- _Task brief_:
Verbatim output, no pictures: the lines from the beginning of the material through the line with "doc.units = ezdxf.units.MM", both ends kept.

· · · · · · ·

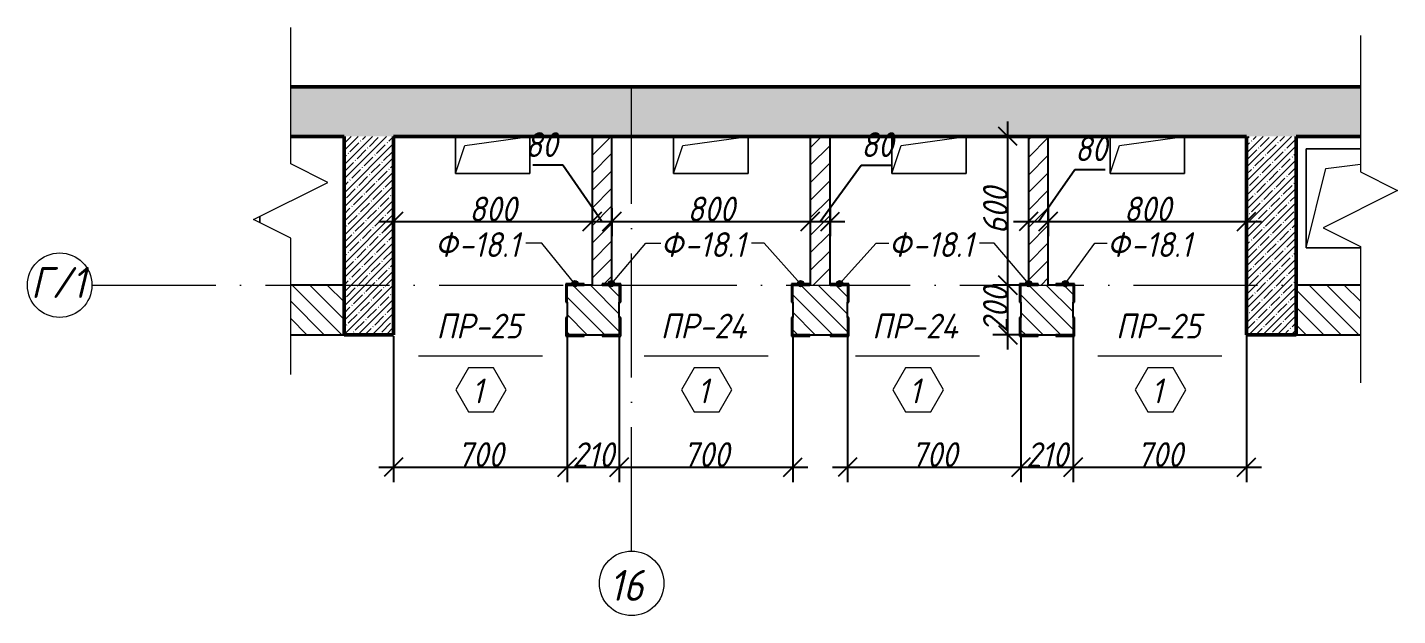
# Model space of a CAD drawing. Header units: millimetres. Extents: x -6064 to 178764, y -5836 to 29924.
# Drawn here: x 171953 to 177478, y 9768 to 12139 of the extents above; entities that cross this region are included whole.
import ezdxf

# ---------------------------------------------------------------- set-up
doc = ezdxf.new("R2010")
doc.units = ezdxf.units.MM
doc.linetypes.add('50_200_ШТРИХ_1Т_ш5_п1_п1_', pattern=[700, 500, -100, 0, -100])
doc.layers.add('A-ANNO-DIMS', color=7, linetype='Continuous')
for name, color, linetype, lineweight in [('A-DETL-GENF', 7, 'Continuous', 9), ('A-DOOR-IDEN', 7, 'Continuous', 9), ('A-FLOR', 7, 'Continuous', 9), ('A-GENM', 7, 'Continuous', 9), ('A-GENM-1', 7, 'Continuous', 25), ('A-GENM-IDEN', 7, 'Continuous', 9), ('A-WALL-3', 7, 'Continuous', 50), ('A-WALL-PATT-1', 7, 'Continuous', 5), ('Оси', 7, 'Continuous', 9), ('Оси-1', 7, '50_200_ШТРИХ_1Т_ш5_п1_п1_', 9)]:
    doc.layers.add(name, color=color, linetype=linetype, lineweight=lineweight)
for name, color, linetype, lineweight, true_color in [('A-WALL-7', 7, 'Continuous', 5, 0x008000), ('A-WALL-FNSH-7', 7, 'Continuous', 25, 0xce0000), ('A-WALL-FNSH-9', 7, 'Continuous', 25, 0x008000), ('A-WALL-PATT-2', 7, 'Continuous', 5, 0xce0000), ('A-WALL-PATT-3', 7, 'Continuous', 5, 0x008000)]:
    doc.layers.add(name, color=color, linetype=linetype, lineweight=lineweight, true_color=true_color)
doc.styles.add('ISOCPEUR_I_6', font='isocpeui.ttf', dxfattribs={"width": 0.9, "height": 125})
doc.styles.add('ISOCPEUR_I_7', font='isocpeui.ttf', dxfattribs={"width": 0.9, "height": 100})
doc.dimstyles.new('ISO-2_0_0_9К_СРЕДНИЙ_3', dxfattribs={"dimscale": 304.8, "dimtxt": 99.598118, "dimasz": 0.246063, "dimexe": 0.19685, "dimexo": 0, "dimgap": 0, "dimtad": 1, "dimdec": 0, "dimzin": 0, "dimdsep": 46, "dimtxsty": 'ISOCPEUR_I_7', "dimblk1": 'OBLIQUE', "dimblk2": 'OBLIQUE', "dimsah": 1, "dimcen": 0.09, "dimdle": 0.19685, "dimazin": 0, "dimtfac": 1, "dimtdec": 4, "dimtix": 1, "dimtmove": 1, "dimatfit": 3, "dimfxl": 1, "dimtvp": 1, "dimtolj": 1, "dimtzin": 0, "dimarcsym": 2})
doc.dimstyles.new('ISO-2_0_0_9К_СРЕДНИЙ_4', dxfattribs={"dimscale": 304.8, "dimtxt": 99.598118, "dimasz": 0.246063, "dimexe": 0.19685, "dimexo": 0, "dimgap": 0, "dimtad": 1, "dimdec": 0, "dimzin": 0, "dimdsep": 46, "dimtxsty": 'ISOCPEUR_I_7', "dimblk1": 'OBLIQUE', "dimblk2": 'OBLIQUE', "dimsah": 1, "dimcen": 0.09, "dimdle": 0.19685, "dimazin": 0, "dimtfac": 1, "dimtdec": 4, "dimtix": 1, "dimtmove": 0, "dimatfit": 3, "dimfxl": 1, "dimtvp": 1, "dimtolj": 1, "dimtzin": 0, "dimarcsym": 2})
pattern_1 = [(135, (137513.505, 4039.264), (-35.35534, -35.35534), [])]
pattern_2 = [(45, (137513.505, 4039.264), (-28.51196, 28.51196), []), (45, (137542.017, 4039.264), (-28.51196, 28.51196), [50.403, -10.081, 1.676, -8.404])]
pattern_3 = [(45, (137513.505, 4039.264), (-35.35534, 35.35534), [])]

# ---------------------------------------------------------------- blocks, each defined once
blk = doc.blocks.new('AR_Отверстие прямоугольное _в плите_ - AR_Отверстие прямоугольное _в плите_-24428611-Фрагмент 6')
at = {"layer": 'A-GENM'}
blk.add_line((100, -48.3), (100, -23.2), dxfattribs=at)
blk = doc.blocks.new('AR_Отверстие прямоугольное _в плите_ - AR_Отверстие прямоугольное _в плите_-24470276-Фрагмент 6')
at = {"layer": 'A-GENM'}
for p, q in [((-150, 75), (-150, -75)), ((-112.5, 37.5), (150, 75)), ((150, -75), (150, 75)), ((-150, -75), (-112.5, 37.5)), ((-150, -75), (150, -75))]:
    blk.add_line(p, q, dxfattribs=at)
blk = doc.blocks.new('AR_Отверстие прямоугольное _в плите_ - AR_Отверстие прямоугольное _в плите_-24509922-Фрагмент 6')
at = {"layer": 'A-GENM'}
for p, q in [((-131.1, 200), (-350, 200)), ((-350, 200), (-350, -200)), ((-350, -200), (-270, 120)), ((-270, 120), (-131.1, 137.9)), ((-350, -200), (-131.1, -200))]:
    blk.add_line(p, q, dxfattribs=at)
blk = doc.blocks.new('Фахверк_СКБ_Уголок - Ф-18_1_200х3550 h_все крепления развернуты-28533997-Фрагмент 6')
at = {"layer": 'A-GENM-1'}
for p, q in [((200, 156), (125, 156)), ((125, 156), (125, 81)), ((131, 81), (131, 150)), ((131, 150), (200, 150)), ((200, 150), (200, 156)), ((125, 81), (131, 81)), ((131, 19), (125, 19)), ((125, 19), (125, -56)), ((131, -50), (131, 19)), ((200, -50), (131, -50)), ((200, -56), (200, -50)), ((125, -56), (200, -56))]:
    blk.add_line(p, q, dxfattribs=at)
blk = doc.blocks.new('DET_L_Линия разрыва - М50-27036689-Фрагмент 6')
at = {"layer": 'A-DETL-GENF'}
for p, q in [((625, 150), (550, 0)), ((775, -150), (625, 150)), ((550, 0), (0, 0)), ((850, 0), (775, -150)), ((1400, 0), (850, 0))]:
    blk.add_line(p, q, dxfattribs=at)
blk = doc.blocks.new('Ось сетки - Круг_Ø6_00__ISO-2_5_0_9K_ кружки поменьше-23056867-Фрагмент 6')
at = {"layer": 'Оси'}
blk.add_circle((0, 0), 2.6, dxfattribs=at)
blk = doc.blocks.new('_Oblique')
at = {"color": 0, "linetype": 'ByBlock', "lineweight": -2}
blk.add_line((-0.5, -0.5), (0.5, 0.5), dxfattribs=at)
blk = doc.blocks.new('DIMBLOCK624-Фрагмент 6')
at = {"layer": 'A-ANNO-DIMS', "color": 0, "lineweight": -2, "transparency": 16777216}
for p, q in [((173429.4, 11410.2), (173429.4, 11297.1)), ((174229.6, 11410.2), (174229.6, 11297.1)), ((173369.4, 11357.1), (174289.6, 11357.1))]:
    blk.add_line(p, q, dxfattribs=at)
at = {"layer": 'Defpoints', "color": 0, "transparency": 16777216}
for p in [(173429.4, 11410.2), (174229.6, 11410.2), (174229.6, 11357.1)]:
    blk.add_point(p, dxfattribs=at)
at = {"layer": 'A-ANNO-DIMS', "color": 0, "lineweight": -2, "transparency": 16777216, "xscale": 75, "yscale": 75, "zscale": 75, "rotation": 180}
blk.add_blockref('_Oblique', (173429.4, 11357.1), dxfattribs=at)
at = {"layer": 'A-ANNO-DIMS', "color": 0, "lineweight": -2, "transparency": 16777216, "xscale": 75, "yscale": 75, "zscale": 75}
blk.add_blockref('_Oblique', (174229.6, 11357.1), dxfattribs=at)
at = {"layer": 'A-ANNO-DIMS', "color": 0, "transparency": 16777216, "insert": (173829.5, 11407.1), "char_height": 100, "width": 227.543, "attachment_point": 5, "style": 'ISOCPEUR_I_7'}
blk.add_mtext('\\A1;800', dxfattribs=at)
blk = doc.blocks.new('DIMBLOCK625-Фрагмент 6')
at = {"layer": 'A-ANNO-DIMS', "color": 0, "lineweight": -2, "transparency": 16777216}
for p, q in [((174112.1, 11583.2), (173990.2, 11583.2)), ((174269.6, 11357.1), (174112.1, 11583.2)), ((174229.6, 11410.2), (174229.6, 11297.1)), ((174309.6, 11410.2), (174309.6, 11297.1)), ((174169.6, 11357.1), (174369.6, 11357.1))]:
    blk.add_line(p, q, dxfattribs=at)
at = {"layer": 'Defpoints', "color": 0, "transparency": 16777216}
for p in [(174229.6, 11410.2), (174309.6, 11410.2), (174309.6, 11357.1)]:
    blk.add_point(p, dxfattribs=at)
at = {"layer": 'A-ANNO-DIMS', "color": 0, "lineweight": -2, "transparency": 16777216, "xscale": 75, "yscale": 75, "zscale": 75, "rotation": 180}
blk.add_blockref('_Oblique', (174229.6, 11357.1), dxfattribs=at)
at = {"layer": 'A-ANNO-DIMS', "color": 0, "lineweight": -2, "transparency": 16777216, "xscale": 75, "yscale": 75, "zscale": 75}
blk.add_blockref('_Oblique', (174309.6, 11357.1), dxfattribs=at)
at = {"layer": 'A-ANNO-DIMS', "color": 0, "transparency": 16777216, "insert": (173960.4, 11716.6), "char_height": 100, "width": 151.696, "attachment_point": 1, "line_spacing_factor": 1.149209, "style": 'ISOCPEUR_I_7'}
blk.add_mtext('\\A1;80', dxfattribs=at)
blk = doc.blocks.new('DIMBLOCK626-Фрагмент 6')
at = {"layer": 'A-ANNO-DIMS', "color": 0, "lineweight": -2, "transparency": 16777216}
for p, q in [((174309.6, 11410.2), (174309.6, 11297.1)), ((175109.6, 11410.2), (175109.6, 11297.1)), ((174249.6, 11357.1), (175169.6, 11357.1))]:
    blk.add_line(p, q, dxfattribs=at)
at = {"layer": 'Defpoints', "color": 0, "transparency": 16777216}
for p in [(174309.6, 11410.2), (175109.6, 11410.2), (175109.6, 11357.1)]:
    blk.add_point(p, dxfattribs=at)
at = {"layer": 'A-ANNO-DIMS', "color": 0, "lineweight": -2, "transparency": 16777216, "xscale": 75, "yscale": 75, "zscale": 75, "rotation": 180}
blk.add_blockref('_Oblique', (174309.6, 11357.1), dxfattribs=at)
at = {"layer": 'A-ANNO-DIMS', "color": 0, "lineweight": -2, "transparency": 16777216, "xscale": 75, "yscale": 75, "zscale": 75}
blk.add_blockref('_Oblique', (175109.6, 11357.1), dxfattribs=at)
at = {"layer": 'A-ANNO-DIMS', "color": 0, "transparency": 16777216, "insert": (174709.6, 11407.1), "char_height": 100, "width": 227.543, "attachment_point": 5, "style": 'ISOCPEUR_I_7'}
blk.add_mtext('\\A1;800', dxfattribs=at)
blk = doc.blocks.new('DIMBLOCK627-Фрагмент 6')
at = {"layer": 'A-ANNO-DIMS', "color": 0, "lineweight": -2, "transparency": 16777216}
for p, q in [((175149.6, 11357.1), (175314.6, 11583.2)), ((175314.6, 11583.2), (175436.6, 11583.2)), ((175109.6, 11410.2), (175109.6, 11297.1)), ((175189.6, 11410.2), (175189.6, 11297.1)), ((175049.6, 11357.1), (175249.6, 11357.1))]:
    blk.add_line(p, q, dxfattribs=at)
at = {"layer": 'Defpoints', "color": 0, "transparency": 16777216}
for p in [(175109.6, 11410.2), (175189.6, 11410.2), (175189.6, 11357.1)]:
    blk.add_point(p, dxfattribs=at)
at = {"layer": 'A-ANNO-DIMS', "color": 0, "lineweight": -2, "transparency": 16777216, "xscale": 75, "yscale": 75, "zscale": 75, "rotation": 180}
blk.add_blockref('_Oblique', (175109.6, 11357.1), dxfattribs=at)
at = {"layer": 'A-ANNO-DIMS', "color": 0, "lineweight": -2, "transparency": 16777216, "xscale": 75, "yscale": 75, "zscale": 75}
blk.add_blockref('_Oblique', (175189.6, 11357.1), dxfattribs=at)
at = {"layer": 'A-ANNO-DIMS', "color": 0, "transparency": 16777216, "insert": (175314.6, 11716.6), "char_height": 100, "width": 151.696, "attachment_point": 1, "line_spacing_factor": 1.149209, "style": 'ISOCPEUR_I_7'}
blk.add_mtext('\\A1;80', dxfattribs=at)
blk = doc.blocks.new('DIMBLOCK628-Фрагмент 6')
at = {"layer": 'A-ANNO-DIMS', "color": 0, "lineweight": -2, "transparency": 16777216}
for p, q in [((173429.4, 10893.9), (173429.4, 10306.3)), ((174129.4, 10900), (174129.4, 10306.3)), ((173369.4, 10366.3), (174189.4, 10366.3))]:
    blk.add_line(p, q, dxfattribs=at)
at = {"layer": 'Defpoints', "color": 0, "transparency": 16777216}
for p in [(173429.4, 10893.9), (174129.4, 10900), (174129.4, 10366.3)]:
    blk.add_point(p, dxfattribs=at)
at = {"layer": 'A-ANNO-DIMS', "color": 0, "lineweight": -2, "transparency": 16777216, "xscale": 75, "yscale": 75, "zscale": 75, "rotation": 180}
blk.add_blockref('_Oblique', (173429.4, 10366.3), dxfattribs=at)
at = {"layer": 'A-ANNO-DIMS', "color": 0, "lineweight": -2, "transparency": 16777216, "xscale": 75, "yscale": 75, "zscale": 75}
blk.add_blockref('_Oblique', (174129.4, 10366.3), dxfattribs=at)
at = {"layer": 'A-ANNO-DIMS', "color": 0, "transparency": 16777216, "insert": (173779.4, 10416.9), "char_height": 100, "width": 227.543, "attachment_point": 5, "style": 'ISOCPEUR_I_7'}
blk.add_mtext('\\A1;700', dxfattribs=at)
blk = doc.blocks.new('DIMBLOCK629-Фрагмент 6')
at = {"layer": 'A-ANNO-DIMS', "color": 0, "lineweight": -2, "transparency": 16777216}
for p, q in [((174129.4, 10900), (174129.4, 10306.3)), ((174339.4, 10893.9), (174339.4, 10306.3)), ((174069.4, 10366.3), (174399.4, 10366.3))]:
    blk.add_line(p, q, dxfattribs=at)
at = {"layer": 'Defpoints', "color": 0, "transparency": 16777216}
for p in [(174129.4, 10900), (174339.4, 10893.9), (174339.4, 10366.3)]:
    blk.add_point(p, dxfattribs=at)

· · · · · · ·

- _Answer below_:
# Model space of a CAD drawing. Header units: millimetres. Extents: x -6064 to 178764, y -5836 to 29924.
# Drawn here: x 171953 to 177478, y 9768 to 12139 of the extents above; entities that cross this region are included whole.
import ezdxf

# ---------------------------------------------------------------- set-up
doc = ezdxf.new("R2010")
doc.units = ezdxf.units.MM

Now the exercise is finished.